### [PROBLEM TO SOLVE]
Retype every line from the top of the entries down to the one with "#45=FACE_BOUND('',#44,.T.);", both included, and skip the pictures.

### [THE DATA]
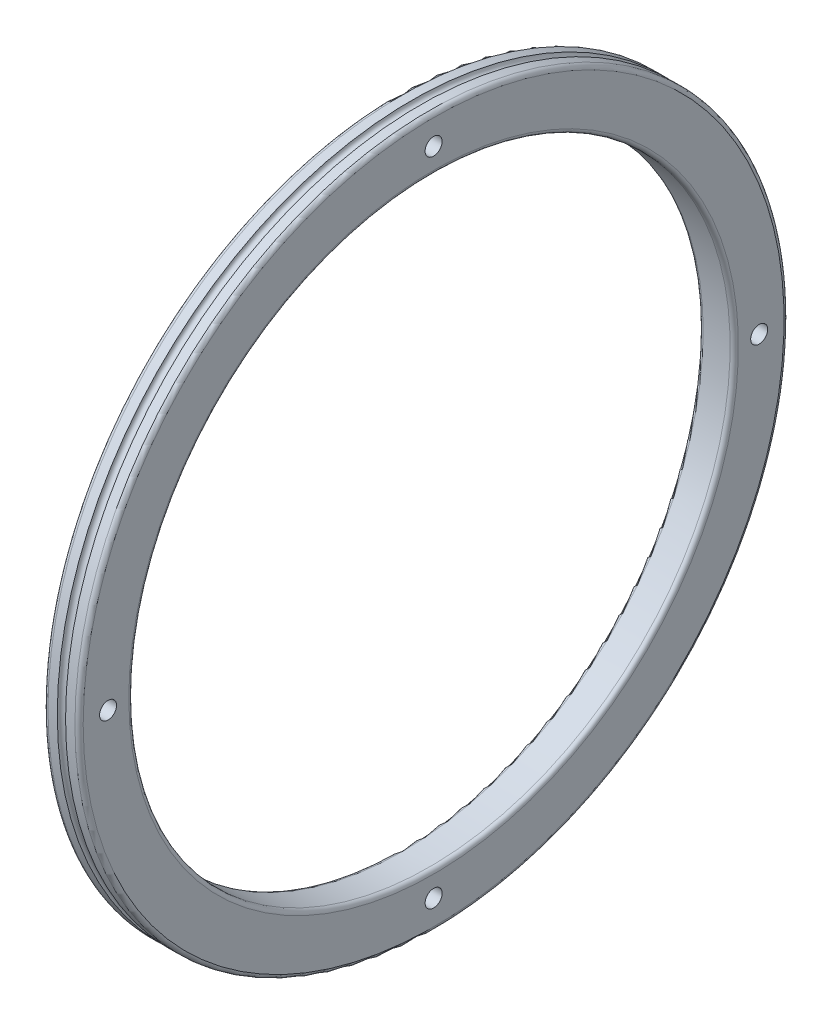
ISO-10303-21;
HEADER;
FILE_DESCRIPTION(('STEP AP214'),'2;1');
FILE_NAME('part.step','',(''),(''),'','','');
FILE_SCHEMA(('AUTOMOTIVE_DESIGN { 1 0 10303 214 1 1 1 1 }'));
ENDSEC;
DATA;
#1=APPLICATION_CONTEXT('core data for automotive mechanical design processes');
#2=APPLICATION_PROTOCOL_DEFINITION('international standard','automotive_design',2000,#1);
#3=PRODUCT_CONTEXT('',#1,'mechanical');
#4=PRODUCT('Part','Part','',(#3));
#5=PRODUCT_RELATED_PRODUCT_CATEGORY('part','',(#4));
#6=PRODUCT_DEFINITION_FORMATION('','',#4);
#7=PRODUCT_DEFINITION_CONTEXT('part definition',#1,'design');
#8=PRODUCT_DEFINITION('design','',#6,#7);
#9=PRODUCT_DEFINITION_SHAPE('','',#8);
#10=(LENGTH_UNIT() NAMED_UNIT(*) SI_UNIT(.MILLI.,.METRE.));
#11=(NAMED_UNIT(*) PLANE_ANGLE_UNIT() SI_UNIT($,.RADIAN.));
#12=(NAMED_UNIT(*) SI_UNIT($,.STERADIAN.) SOLID_ANGLE_UNIT());
#13=UNCERTAINTY_MEASURE_WITH_UNIT(LENGTH_MEASURE(1.E-05),#10,'distance_accuracy_value','');
#14=(GEOMETRIC_REPRESENTATION_CONTEXT(3) GLOBAL_UNCERTAINTY_ASSIGNED_CONTEXT((#13)) GLOBAL_UNIT_ASSIGNED_CONTEXT((#10,
#11,#12)) REPRESENTATION_CONTEXT('',''));
#15=CARTESIAN_POINT('',(0.,0.,0.));
#16=DIRECTION('',(0.,0.,1.));
#17=DIRECTION('',(1.,0.,0.));
#18=AXIS2_PLACEMENT_3D('',#15,#16,#17);
#19=CARTESIAN_POINT('',(-4.24999999999999,0.,-72.5));
#20=DIRECTION('',(1.,0.,0.));
#21=DIRECTION('',(0.,0.,-1.));
#22=AXIS2_PLACEMENT_3D('',#19,#20,#21);
#23=PLANE('',#22);
#24=CARTESIAN_POINT('',(-4.24999999999999,0.,78.5));
#25=DIRECTION('',(1.,0.,0.));
#26=DIRECTION('',(0.,0.,-1.));
#27=AXIS2_PLACEMENT_3D('',#24,#25,#26);
#28=CIRCLE('',#27,2.04999999999999);
#29=CARTESIAN_POINT('',(-4.24999999999999,0.,76.45));
#30=VERTEX_POINT('',#29);
#31=EDGE_CURVE('E85',#30,#30,#28,.F.);
#32=ORIENTED_EDGE('',*,*,#31,.F.);
#33=EDGE_LOOP('',(#32));
#34=FACE_BOUND('',#33,.T.);
#35=CARTESIAN_POINT('',(-4.24999999999999,78.5,-2.74081285099186E-13));
#36=DIRECTION('',(1.,0.,0.));
#37=DIRECTION('',(0.,0.,-1.));
#38=AXIS2_PLACEMENT_3D('',#35,#36,#37);
#39=CIRCLE('',#38,2.04999999999999);
#40=CARTESIAN_POINT('',(-4.24999999999999,78.5,-2.05000000000026));
#41=VERTEX_POINT('',#40);
#42=EDGE_CURVE('E103',#41,#41,#39,.F.);
#43=ORIENTED_EDGE('',*,*,#42,.F.);
#44=EDGE_LOOP('',(#43));
#45=FACE_BOUND('',#44,.T.);
#46=CARTESIAN_POINT('',(-4.24999999999999,-5.48162570198372E-13,-78.5));
#47=DIRECTION('',(1.,0.,0.));
#48=DIRECTION('',(0.,0.,-1.));
#49=AXIS2_PLACEMENT_3D('',#46,#47,#48);
#50=CIRCLE('',#49,2.04999999999999);
#51=CARTESIAN_POINT('',(-4.24999999999999,-5.48162570198372E-13,-80.55));
#52=VERTEX_POINT('',#51);
#53=EDGE_CURVE('E95',#52,#52,#50,.F.);
#54=ORIENTED_EDGE('',*,*,#53,.F.);
#55=EDGE_LOOP('',(#54));
#56=FACE_BOUND('',#55,.T.);
#57=CARTESIAN_POINT('',(-4.24999999999999,-78.5,8.22243855297558E-13));
#58=DIRECTION('',(1.,0.,0.));
#59=DIRECTION('',(0.,0.,-1.));
#60=AXIS2_PLACEMENT_3D('',#57,#58,#59);
#61=CIRCLE('',#60,2.04999999999999);
#62=CARTESIAN_POINT('',(-4.24999999999999,-78.5,-2.04999999999916));
#63=VERTEX_POINT('',#62);
#64=EDGE_CURVE('E86',#63,#63,#61,.F.);
#65=ORIENTED_EDGE('',*,*,#64,.F.);
#66=EDGE_LOOP('',(#65));
#67=FACE_BOUND('',#66,.T.);
#68=CARTESIAN_POINT('',(-4.24999999999999,0.,0.));
#69=DIRECTION('',(1.,0.,0.));
#70=DIRECTION('',(0.,0.,-1.));
#71=AXIS2_PLACEMENT_3D('',#68,#69,#70);
#72=CIRCLE('',#71,84.5);
#73=CARTESIAN_POINT('',(-4.24999999999999,0.,-84.5));
#74=VERTEX_POINT('',#73);
#75=EDGE_CURVE('E69',#74,#74,#72,.F.);
#76=ORIENTED_EDGE('',*,*,#75,.T.);
#77=EDGE_LOOP('',(#76));
#78=FACE_BOUND('',#77,.T.);
#79=CARTESIAN_POINT('',(-4.24999999999999,0.,0.));
#80=DIRECTION('',(1.,0.,0.));
#81=DIRECTION('',(0.,0.,-1.));
#82=AXIS2_PLACEMENT_3D('',#79,#80,#81);
#83=CIRCLE('',#82,73.5);
#84=CARTESIAN_POINT('',(-4.24999999999999,0.,-73.5));
#85=VERTEX_POINT('',#84);
#86=EDGE_CURVE('E73',#85,#85,#83,.T.);
#87=ORIENTED_EDGE('',*,*,#86,.T.);
#88=EDGE_LOOP('',(#87));
#89=FACE_BOUND('',#88,.T.);
#90=ADVANCED_FACE('F37',(#34,#45,#56,#67,#78,#89),#23,.F.);
#91=CARTESIAN_POINT('',(-9.3632213840996,0.,0.));
#92=DIRECTION('',(-1.,0.,0.));
#93=DIRECTION('',(0.,0.,1.));
#94=AXIS2_PLACEMENT_3D('',#91,#92,#93);
#95=CYLINDRICAL_SURFACE('',#94,72.5);
#96=CARTESIAN_POINT('',(-3.24999999999999,0.,0.));
#97=DIRECTION('',(1.,0.,0.));
#98=DIRECTION('',(0.,0.,-1.));
#99=AXIS2_PLACEMENT_3D('',#96,#97,#98);
#100=CIRCLE('',#99,72.5);
#101=CARTESIAN_POINT('',(-3.24999999999999,0.,-72.5));
#102=VERTEX_POINT('',#101);
#103=EDGE_CURVE('E10',#102,#102,#100,.F.);
#104=ORIENTED_EDGE('',*,*,#103,.T.);
#105=EDGE_LOOP('',(#104));
#106=FACE_BOUND('',#105,.T.);
#107=CARTESIAN_POINT('',(3.25000000000001,0.,0.));
#108=DIRECTION('',(-1.,0.,0.));
#109=DIRECTION('',(0.,0.,1.));
#110=AXIS2_PLACEMENT_3D('',#107,#108,#109);
#111=CIRCLE('',#110,72.5);
#112=CARTESIAN_POINT('',(3.25000000000001,0.,72.5));
#113=VERTEX_POINT('',#112);
#114=EDGE_CURVE('E45',#113,#113,#111,.F.);
#115=ORIENTED_EDGE('',*,*,#114,.T.);
#116=EDGE_LOOP('',(#115));
#117=FACE_BOUND('',#116,.T.);
#118=ADVANCED_FACE('F125',(#106,#117),#95,.F.);
#119=CARTESIAN_POINT('',(4.25000000000001,0.,-85.5));
#120=DIRECTION('',(-1.,0.,0.));
#121=DIRECTION('',(0.,0.,1.));
#122=AXIS2_PLACEMENT_3D('',#119,#120,#121);
#123=PLANE('',#122);
#124=CARTESIAN_POINT('',(4.25000000000001,0.,78.5));
#125=DIRECTION('',(1.,0.,0.));
#126=DIRECTION('',(0.,0.,-1.));
#127=AXIS2_PLACEMENT_3D('',#124,#125,#126);
#128=CIRCLE('',#127,2.04999999999999);
#129=CARTESIAN_POINT('',(4.25000000000001,0.,76.45));
#130=VERTEX_POINT('',#129);
#131=EDGE_CURVE('E107',#130,#130,#128,.T.);
#132=ORIENTED_EDGE('',*,*,#131,.F.);
#133=EDGE_LOOP('',(#132));
#134=FACE_BOUND('',#133,.T.);
#135=CARTESIAN_POINT('',(4.25000000000001,78.5,-2.74081285099186E-13));
#136=DIRECTION('',(1.,0.,0.));
#137=DIRECTION('',(0.,0.,-1.));
#138=AXIS2_PLACEMENT_3D('',#135,#136,#137);
#139=CIRCLE('',#138,2.04999999999999);
#140=CARTESIAN_POINT('',(4.25000000000001,78.5,-2.05000000000026));
#141=VERTEX_POINT('',#140);
#142=EDGE_CURVE('E99',#141,#141,#139,.T.);
#143=ORIENTED_EDGE('',*,*,#142,.F.);
#144=EDGE_LOOP('',(#143));
#145=FACE_BOUND('',#144,.T.);
#146=CARTESIAN_POINT('',(4.25000000000001,-5.48162570198372E-13,-78.5));
#147=DIRECTION('',(1.,0.,0.));
#148=DIRECTION('',(0.,0.,-1.));
#149=AXIS2_PLACEMENT_3D('',#146,#147,#148);
#150=CIRCLE('',#149,2.04999999999999);
#151=CARTESIAN_POINT('',(4.25000000000001,-5.48162570198372E-13,-80.55));
#152=VERTEX_POINT('',#151);
#153=EDGE_CURVE('E90',#152,#152,#150,.T.);
#154=ORIENTED_EDGE('',*,*,#153,.F.);
#155=EDGE_LOOP('',(#154));
#156=FACE_BOUND('',#155,.T.);
#157=CARTESIAN_POINT('',(4.25000000000001,-78.5,8.22243855297558E-13));
#158=DIRECTION('',(1.,0.,0.));
#159=DIRECTION('',(0.,0.,-1.));
#160=AXIS2_PLACEMENT_3D('',#157,#158,#159);
#161=CIRCLE('',#160,2.04999999999999);
#162=CARTESIAN_POINT('',(4.25000000000001,-78.5,-2.04999999999916));
#163=VERTEX_POINT('',#162);
#164=EDGE_CURVE('E91',#163,#163,#161,.T.);
#165=ORIENTED_EDGE('',*,*,#164,.F.);
#166=EDGE_LOOP('',(#165));
#167=FACE_BOUND('',#166,.T.);
#168=CARTESIAN_POINT('',(4.25000000000001,0.,0.));
#169=DIRECTION('',(-1.,0.,0.));
#170=DIRECTION('',(0.,0.,1.));
#171=AXIS2_PLACEMENT_3D('',#168,#169,#170);
#172=CIRCLE('',#171,84.5);
#173=CARTESIAN_POINT('',(4.25000000000001,0.,84.5));
#174=VERTEX_POINT('',#173);
#175=EDGE_CURVE('E50',#174,#174,#172,.F.);
#176=ORIENTED_EDGE('',*,*,#175,.T.);
#177=EDGE_LOOP('',(#176));
#178=FACE_BOUND('',#177,.T.);
#179=CARTESIAN_POINT('',(4.25000000000001,0.,0.));
#180=DIRECTION('',(-1.,0.,0.));
#181=DIRECTION('',(0.,0.,1.));
#182=AXIS2_PLACEMENT_3D('',#179,#180,#181);
#183=CIRCLE('',#182,73.5);
#184=CARTESIAN_POINT('',(4.25000000000001,0.,73.5));
#185=VERTEX_POINT('',#184);
#186=EDGE_CURVE('E55',#185,#185,#183,.T.);
#187=ORIENTED_EDGE('',*,*,#186,.T.);
#188=EDGE_LOOP('',(#187));
#189=FACE_BOUND('',#188,.T.);
#190=ADVANCED_FACE('F121',(#134,#145,#156,#167,#178,#189),#123,.F.);
#191=CARTESIAN_POINT('',(-9.3632213840996,0.,0.));
#192=DIRECTION('',(-1.,0.,0.));
#193=DIRECTION('',(0.,0.,1.));
#194=AXIS2_PLACEMENT_3D('',#191,#192,#193);
#195=CYLINDRICAL_SURFACE('',#194,85.5);
#196=CARTESIAN_POINT('',(3.25000000000001,0.,0.));
#197=DIRECTION('',(-1.,0.,0.));
#198=DIRECTION('',(0.,0.,1.));
#199=AXIS2_PLACEMENT_3D('',#196,#197,#198);
#200=CIRCLE('',#199,85.5);
#201=CARTESIAN_POINT('',(3.25000000000001,0.,85.5));
#202=VERTEX_POINT('',#201);
#203=EDGE_CURVE('E61',#202,#202,#200,.T.);
#204=ORIENTED_EDGE('',*,*,#203,.T.);
#205=EDGE_LOOP('',(#204));
#206=FACE_BOUND('',#205,.T.);
#207=CARTESIAN_POINT('',(0.998931618832478,0.,0.));
#208=DIRECTION('',(-1.,0.,0.));
#209=DIRECTION('',(0.,0.,1.));
#210=AXIS2_PLACEMENT_3D('',#207,#208,#209);
#211=CIRCLE('',#210,85.5);
#212=CARTESIAN_POINT('',(0.998931618832478,0.,85.5));
#213=VERTEX_POINT('',#212);
#214=EDGE_CURVE('E77',#213,#213,#211,.T.);
#215=ORIENTED_EDGE('',*,*,#214,.F.);
#216=EDGE_LOOP('',(#215));
#217=FACE_BOUND('',#216,.T.);
#218=ADVANCED_FACE('F124',(#206,#217),#195,.T.);
#219=CARTESIAN_POINT('',(0.,0.,0.));
#220=DIRECTION('',(-1.,0.,0.));
#221=DIRECTION('',(0.,0.,1.));
#222=AXIS2_PLACEMENT_3D('',#219,#220,#221);
#223=TOROIDAL_SURFACE('',#222,85.4537872214996,0.999999999999993);
#224=CARTESIAN_POINT('',(-0.998931618832471,0.,0.));
#225=DIRECTION('',(-1.,0.,0.));
#226=DIRECTION('',(0.,0.,1.));
#227=AXIS2_PLACEMENT_3D('',#224,#225,#226);
#228=CIRCLE('',#227,85.5);
#229=CARTESIAN_POINT('',(-0.998931618832471,0.,85.5));
#230=VERTEX_POINT('',#229);
#231=EDGE_CURVE('E81',#230,#230,#228,.T.);
#232=ORIENTED_EDGE('',*,*,#231,.F.);
#233=EDGE_LOOP('',(#232));
#234=FACE_BOUND('',#233,.T.);
#235=ORIENTED_EDGE('',*,*,#214,.T.);
#236=EDGE_LOOP('',(#235));
#237=FACE_BOUND('',#236,.T.);
#238=ADVANCED_FACE('F174',(#234,#237),#223,.F.);
#239=CARTESIAN_POINT('',(-9.3632213840996,0.,0.));
#240=DIRECTION('',(-1.,0.,0.));
#241=DIRECTION('',(0.,0.,1.));
#242=AXIS2_PLACEMENT_3D('',#239,#240,#241);
#243=CYLINDRICAL_SURFACE('',#242,85.5);
#244=CARTESIAN_POINT('',(-3.24999999999999,0.,0.));
#245=DIRECTION('',(1.,0.,0.));
#246=DIRECTION('',(0.,0.,-1.));
#247=AXIS2_PLACEMENT_3D('',#244,#245,#246);
#248=CIRCLE('',#247,85.5);
#249=CARTESIAN_POINT('',(-3.24999999999999,0.,-85.5));
#250=VERTEX_POINT('',#249);
#251=EDGE_CURVE('E65',#250,#250,#248,.T.);
#252=ORIENTED_EDGE('',*,*,#251,.T.);
#253=EDGE_LOOP('',(#252));
#254=FACE_BOUND('',#253,.T.);
#255=ORIENTED_EDGE('',*,*,#231,.T.);
#256=EDGE_LOOP('',(#255));
#257=FACE_BOUND('',#256,.T.);
#258=ADVANCED_FACE('F163',(#254,#257),#243,.T.);
#259=CARTESIAN_POINT('',(-3.24999999999999,0.,0.));
#260=DIRECTION('',(1.,0.,0.));
#261=DIRECTION('',(0.,0.,-1.));
#262=AXIS2_PLACEMENT_3D('',#259,#260,#261);
#263=TOROIDAL_SURFACE('',#262,84.5,1.);
#264=ORIENTED_EDGE('',*,*,#251,.F.);
#265=EDGE_LOOP('',(#264));
#266=FACE_BOUND('',#265,.T.);
#267=ORIENTED_EDGE('',*,*,#75,.F.);
#268=EDGE_LOOP('',(#267));
#269=FACE_BOUND('',#268,.T.);
#270=ADVANCED_FACE('F160',(#266,#269),#263,.T.);
#271=CARTESIAN_POINT('',(3.25000000000001,0.,0.));
#272=DIRECTION('',(-1.,0.,0.));
#273=DIRECTION('',(0.,0.,1.));
#274=AXIS2_PLACEMENT_3D('',#271,#272,#273);
#275=TOROIDAL_SURFACE('',#274,84.5,1.);
#276=ORIENTED_EDGE('',*,*,#175,.F.);
#277=EDGE_LOOP('',(#276));
#278=FACE_BOUND('',#277,.T.);
#279=ORIENTED_EDGE('',*,*,#203,.F.);
#280=EDGE_LOOP('',(#279));
#281=FACE_BOUND('',#280,.T.);
#282=ADVANCED_FACE('F148',(#278,#281),#275,.T.);
#283=CARTESIAN_POINT('',(-3.24999999999999,0.,0.));
#284=DIRECTION('',(1.,0.,0.));
#285=DIRECTION('',(0.,0.,-1.));
#286=AXIS2_PLACEMENT_3D('',#283,#284,#285);
#287=TOROIDAL_SURFACE('',#286,73.5,1.);
#288=ORIENTED_EDGE('',*,*,#86,.F.);
#289=EDGE_LOOP('',(#288));
#290=FACE_BOUND('',#289,.T.);
#291=ORIENTED_EDGE('',*,*,#103,.F.);
#292=EDGE_LOOP('',(#291));
#293=FACE_BOUND('',#292,.T.);
#294=ADVANCED_FACE('F139',(#290,#293),#287,.T.);
#295=CARTESIAN_POINT('',(3.25000000000001,0.,0.));
#296=DIRECTION('',(-1.,0.,0.));
#297=DIRECTION('',(0.,0.,1.));
#298=AXIS2_PLACEMENT_3D('',#295,#296,#297);
#299=TOROIDAL_SURFACE('',#298,73.5,1.);
#300=ORIENTED_EDGE('',*,*,#114,.F.);
#301=EDGE_LOOP('',(#300));
#302=FACE_BOUND('',#301,.T.);
#303=ORIENTED_EDGE('',*,*,#186,.F.);
#304=EDGE_LOOP('',(#303));
#305=FACE_BOUND('',#304,.T.);
#306=ADVANCED_FACE('F39',(#302,#305),#299,.T.);
#307=CARTESIAN_POINT('',(-4.25099999999999,-78.5,8.22243855297558E-13));
#308=DIRECTION('',(1.,0.,0.));
#309=DIRECTION('',(0.,0.,-1.));
#310=AXIS2_PLACEMENT_3D('',#307,#308,#309);
#311=CYLINDRICAL_SURFACE('',#310,2.04999999999999);
#312=ORIENTED_EDGE('',*,*,#164,.T.);
#313=EDGE_LOOP('',(#312));
#314=FACE_BOUND('',#313,.T.);
#315=ORIENTED_EDGE('',*,*,#64,.T.);
#316=EDGE_LOOP('',(#315));
#317=FACE_BOUND('',#316,.T.);
#318=ADVANCED_FACE('F138',(#314,#317),#311,.F.);
#319=CARTESIAN_POINT('',(-4.25099999999999,-5.48162570198372E-13,-78.5));
#320=DIRECTION('',(1.,0.,0.));
#321=DIRECTION('',(0.,0.,-1.));
#322=AXIS2_PLACEMENT_3D('',#319,#320,#321);
#323=CYLINDRICAL_SURFACE('',#322,2.04999999999999);
#324=ORIENTED_EDGE('',*,*,#153,.T.);
#325=EDGE_LOOP('',(#324));
#326=FACE_BOUND('',#325,.T.);
#327=ORIENTED_EDGE('',*,*,#53,.T.);
#328=EDGE_LOOP('',(#327));
#329=FACE_BOUND('',#328,.T.);
#330=ADVANCED_FACE('F145',(#326,#329),#323,.F.);
#331=CARTESIAN_POINT('',(-4.25099999999999,78.5,-2.74081285099186E-13));
#332=DIRECTION('',(1.,0.,0.));
#333=DIRECTION('',(0.,0.,-1.));
#334=AXIS2_PLACEMENT_3D('',#331,#332,#333);
#335=CYLINDRICAL_SURFACE('',#334,2.04999999999999);
#336=ORIENTED_EDGE('',*,*,#142,.T.);
#337=EDGE_LOOP('',(#336));
#338=FACE_BOUND('',#337,.T.);
#339=ORIENTED_EDGE('',*,*,#42,.T.);
#340=EDGE_LOOP('',(#339));
#341=FACE_BOUND('',#340,.T.);
#342=ADVANCED_FACE('F190',(#338,#341),#335,.F.);
#343=CARTESIAN_POINT('',(-4.25099999999999,0.,78.5));
#344=DIRECTION('',(1.,0.,0.));
#345=DIRECTION('',(0.,0.,-1.));
#346=AXIS2_PLACEMENT_3D('',#343,#344,#345);
#347=CYLINDRICAL_SURFACE('',#346,2.04999999999999);
#348=ORIENTED_EDGE('',*,*,#131,.T.);
#349=EDGE_LOOP('',(#348));
#350=FACE_BOUND('',#349,.T.);
#351=ORIENTED_EDGE('',*,*,#31,.T.);
#352=EDGE_LOOP('',(#351));
#353=FACE_BOUND('',#352,.T.);
#354=ADVANCED_FACE('F118',(#350,#353),#347,.F.);
#355=CLOSED_SHELL('',(#90,#118,#190,#218,#238,#258,#270,#282,#294,#306,#318,#330,#342,#354));
#356=MANIFOLD_SOLID_BREP('B2',#355);
#357=ADVANCED_BREP_SHAPE_REPRESENTATION('',(#18,#356),#14);
#358=SHAPE_DEFINITION_REPRESENTATION(#9,#357);
ENDSEC;
END-ISO-10303-21;

### [SOLUTION FOR THIS EXERCISE]
ISO-10303-21;
HEADER;
FILE_DESCRIPTION(('STEP AP214'),'2;1');
FILE_NAME('part.step','',(''),(''),'','','');
FILE_SCHEMA(('AUTOMOTIVE_DESIGN { 1 0 10303 214 1 1 1 1 }'));
ENDSEC;
DATA;
#1=APPLICATION_CONTEXT('core data for automotive mechanical design processes');
#2=APPLICATION_PROTOCOL_DEFINITION('international standard','automotive_design',2000,#1);
#3=PRODUCT_CONTEXT('',#1,'mechanical');
#4=PRODUCT('Part','Part','',(#3));
#5=PRODUCT_RELATED_PRODUCT_CATEGORY('part','',(#4));
#6=PRODUCT_DEFINITION_FORMATION('','',#4);
#7=PRODUCT_DEFINITION_CONTEXT('part definition',#1,'design');
#8=PRODUCT_DEFINITION('design','',#6,#7);
#9=PRODUCT_DEFINITION_SHAPE('','',#8);
#10=(LENGTH_UNIT() NAMED_UNIT(*) SI_UNIT(.MILLI.,.METRE.));
#11=(NAMED_UNIT(*) PLANE_ANGLE_UNIT() SI_UNIT($,.RADIAN.));
#12=(NAMED_UNIT(*) SI_UNIT($,.STERADIAN.) SOLID_ANGLE_UNIT());
#13=UNCERTAINTY_MEASURE_WITH_UNIT(LENGTH_MEASURE(1.E-05),#10,'distance_accuracy_value','');
#14=(GEOMETRIC_REPRESENTATION_CONTEXT(3) GLOBAL_UNCERTAINTY_ASSIGNED_CONTEXT((#13)) GLOBAL_UNIT_ASSIGNED_CONTEXT((#10,
#11,#12)) REPRESENTATION_CONTEXT('',''));
#15=CARTESIAN_POINT('',(0.,0.,0.));
#16=DIRECTION('',(0.,0.,1.));
#17=DIRECTION('',(1.,0.,0.));
#18=AXIS2_PLACEMENT_3D('',#15,#16,#17);
#19=CARTESIAN_POINT('',(-4.24999999999999,0.,-72.5));
#20=DIRECTION('',(1.,0.,0.));
#21=DIRECTION('',(0.,0.,-1.));
#22=AXIS2_PLACEMENT_3D('',#19,#20,#21);
#23=PLANE('',#22);
#24=CARTESIAN_POINT('',(-4.24999999999999,0.,78.5));
#25=DIRECTION('',(1.,0.,0.));
#26=DIRECTION('',(0.,0.,-1.));
#27=AXIS2_PLACEMENT_3D('',#24,#25,#26);
#28=CIRCLE('',#27,2.04999999999999);
#29=CARTESIAN_POINT('',(-4.24999999999999,0.,76.45));
#30=VERTEX_POINT('',#29);
#31=EDGE_CURVE('E85',#30,#30,#28,.F.);
#32=ORIENTED_EDGE('',*,*,#31,.F.);
#33=EDGE_LOOP('',(#32));
#34=FACE_BOUND('',#33,.T.);
#35=CARTESIAN_POINT('',(-4.24999999999999,78.5,-2.74081285099186E-13));
#36=DIRECTION('',(1.,0.,0.));
#37=DIRECTION('',(0.,0.,-1.));
#38=AXIS2_PLACEMENT_3D('',#35,#36,#37);
#39=CIRCLE('',#38,2.04999999999999);
#40=CARTESIAN_POINT('',(-4.24999999999999,78.5,-2.05000000000026));
#41=VERTEX_POINT('',#40);
#42=EDGE_CURVE('E103',#41,#41,#39,.F.);
#43=ORIENTED_EDGE('',*,*,#42,.F.);
#44=EDGE_LOOP('',(#43));
#45=FACE_BOUND('',#44,.T.);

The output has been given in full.